The paper is concluded with lessons learned and they are basically OK. I would just expect more technical content within the middle part of the paper.
Author Response
Dear reviewer,
Thank you for your valuable feedback. We have addressed your comments in the following ways:
- Indeed, the paper presents less a research paper and more as a development report. To address this, we included the problem context section which outlines that the new approach stemmed from a need to upgrade the existing approaches to meet the time, cost and urgency demands of linked data publication. We have strengthened the motivation in the introduction and extended the problem context slightly so we hope this problem context is now clearer. The problem at hand is not, however, an integration problem but more a problem of better/more efficient linked data publication. When this is done well, which we hope to have highlighted, integration also becomes easier.

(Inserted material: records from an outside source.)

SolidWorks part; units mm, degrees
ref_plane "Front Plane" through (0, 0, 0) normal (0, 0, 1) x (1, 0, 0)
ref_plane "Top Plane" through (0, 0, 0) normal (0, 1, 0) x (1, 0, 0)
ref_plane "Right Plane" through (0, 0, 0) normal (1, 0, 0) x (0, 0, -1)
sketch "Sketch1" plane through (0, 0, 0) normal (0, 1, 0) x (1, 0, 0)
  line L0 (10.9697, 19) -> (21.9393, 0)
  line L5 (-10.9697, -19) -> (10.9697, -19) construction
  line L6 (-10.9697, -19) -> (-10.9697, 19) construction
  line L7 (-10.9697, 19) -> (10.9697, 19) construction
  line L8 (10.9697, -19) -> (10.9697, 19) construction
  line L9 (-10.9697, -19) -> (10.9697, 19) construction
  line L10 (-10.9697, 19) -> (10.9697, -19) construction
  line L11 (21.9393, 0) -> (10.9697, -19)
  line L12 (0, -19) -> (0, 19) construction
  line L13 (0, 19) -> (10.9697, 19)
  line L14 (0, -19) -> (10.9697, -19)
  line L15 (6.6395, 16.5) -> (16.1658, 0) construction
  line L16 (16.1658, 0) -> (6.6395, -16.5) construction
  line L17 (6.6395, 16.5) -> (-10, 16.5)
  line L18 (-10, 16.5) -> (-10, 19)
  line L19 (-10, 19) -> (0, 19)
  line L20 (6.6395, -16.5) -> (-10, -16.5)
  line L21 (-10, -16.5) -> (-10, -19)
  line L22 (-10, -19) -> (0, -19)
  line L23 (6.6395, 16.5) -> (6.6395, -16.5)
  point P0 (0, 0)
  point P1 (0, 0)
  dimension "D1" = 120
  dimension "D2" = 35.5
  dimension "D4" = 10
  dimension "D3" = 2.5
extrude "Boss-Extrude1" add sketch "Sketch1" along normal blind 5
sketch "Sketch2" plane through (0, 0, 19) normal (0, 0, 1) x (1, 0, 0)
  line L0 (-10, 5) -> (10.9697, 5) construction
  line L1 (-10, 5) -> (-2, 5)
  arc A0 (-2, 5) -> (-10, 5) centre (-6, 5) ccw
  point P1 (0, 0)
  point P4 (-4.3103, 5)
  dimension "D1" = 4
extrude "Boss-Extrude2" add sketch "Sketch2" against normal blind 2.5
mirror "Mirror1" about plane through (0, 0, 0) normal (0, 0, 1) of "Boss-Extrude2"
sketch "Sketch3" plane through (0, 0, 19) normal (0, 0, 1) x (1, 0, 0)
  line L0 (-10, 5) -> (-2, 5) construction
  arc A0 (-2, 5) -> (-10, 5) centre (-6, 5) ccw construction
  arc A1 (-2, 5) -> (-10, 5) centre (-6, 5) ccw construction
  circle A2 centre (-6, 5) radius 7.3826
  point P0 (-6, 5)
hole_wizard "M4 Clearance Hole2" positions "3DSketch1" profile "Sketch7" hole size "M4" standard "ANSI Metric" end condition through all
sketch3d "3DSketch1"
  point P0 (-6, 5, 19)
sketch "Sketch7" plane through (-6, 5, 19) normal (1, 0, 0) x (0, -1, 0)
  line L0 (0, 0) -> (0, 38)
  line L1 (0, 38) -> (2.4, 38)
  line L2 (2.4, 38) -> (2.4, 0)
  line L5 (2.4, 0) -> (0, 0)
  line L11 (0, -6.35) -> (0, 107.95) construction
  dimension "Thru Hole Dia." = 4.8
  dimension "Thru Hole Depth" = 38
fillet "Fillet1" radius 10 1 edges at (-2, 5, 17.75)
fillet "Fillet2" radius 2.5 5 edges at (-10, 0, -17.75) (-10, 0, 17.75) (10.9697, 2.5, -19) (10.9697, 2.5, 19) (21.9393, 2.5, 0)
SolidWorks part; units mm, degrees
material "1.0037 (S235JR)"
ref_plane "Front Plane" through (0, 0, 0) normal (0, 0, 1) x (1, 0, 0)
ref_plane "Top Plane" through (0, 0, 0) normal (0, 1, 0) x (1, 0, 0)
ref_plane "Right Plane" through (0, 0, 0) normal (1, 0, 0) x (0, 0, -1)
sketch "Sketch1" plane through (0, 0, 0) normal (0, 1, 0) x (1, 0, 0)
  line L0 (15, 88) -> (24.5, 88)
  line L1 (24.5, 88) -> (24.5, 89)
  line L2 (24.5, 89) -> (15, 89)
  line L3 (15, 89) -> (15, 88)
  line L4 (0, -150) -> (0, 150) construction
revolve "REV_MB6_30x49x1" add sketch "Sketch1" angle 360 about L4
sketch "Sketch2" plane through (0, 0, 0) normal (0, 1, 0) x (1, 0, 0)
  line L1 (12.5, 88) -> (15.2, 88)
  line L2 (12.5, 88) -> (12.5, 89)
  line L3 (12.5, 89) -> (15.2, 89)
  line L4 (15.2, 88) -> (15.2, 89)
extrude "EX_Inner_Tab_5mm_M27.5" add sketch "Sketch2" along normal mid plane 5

- We acknowledge that the evaluation of this new approach was indeed difficult in the first submission. To rectify this, we have extended the lessons learned chapter to include an evaluation of the approach based on what has gone before. We have also extended the streaming section to provide more details as requested.
- We have added more details on the enhancer and the integration is addressed in more detail in the second to last chapter. A discussion on the specifics of the data model are considered out of scope for this paper beyond a short discussion in chapter 3 but we have provided links to these models as footnotes.
- Clarifications on 'close to the source' have now been provided.
Kind regards.
Reviewer 3 Report
This is an interesting paper with a novel approach to linked data publication at land registries. I do recommend this paper for publication.
Author Response
Dear reviewer,
Thank you for your feedback. Your review is appreciated.
Reviewer 4 Report
It is nicely written paper about the implementation of an linked open data strategy for the geospatial data in the netherlands. It shows how the publication process has been set up and how the information and knowledge models were designed to account for internal orgnisational and external data users needs.
I found only one very little minor error: The last headline should be numbered 8, there is two 7 in the paper. So it is more editorial.
Author Response
Dear reviewer,
Thank you for your feedback. I have made the small change identified.
Round 2
Reviewer 1 Report
The authors have successfully addressed all the issues pointed in the first round of the review. I am happy to recommend an acceptance.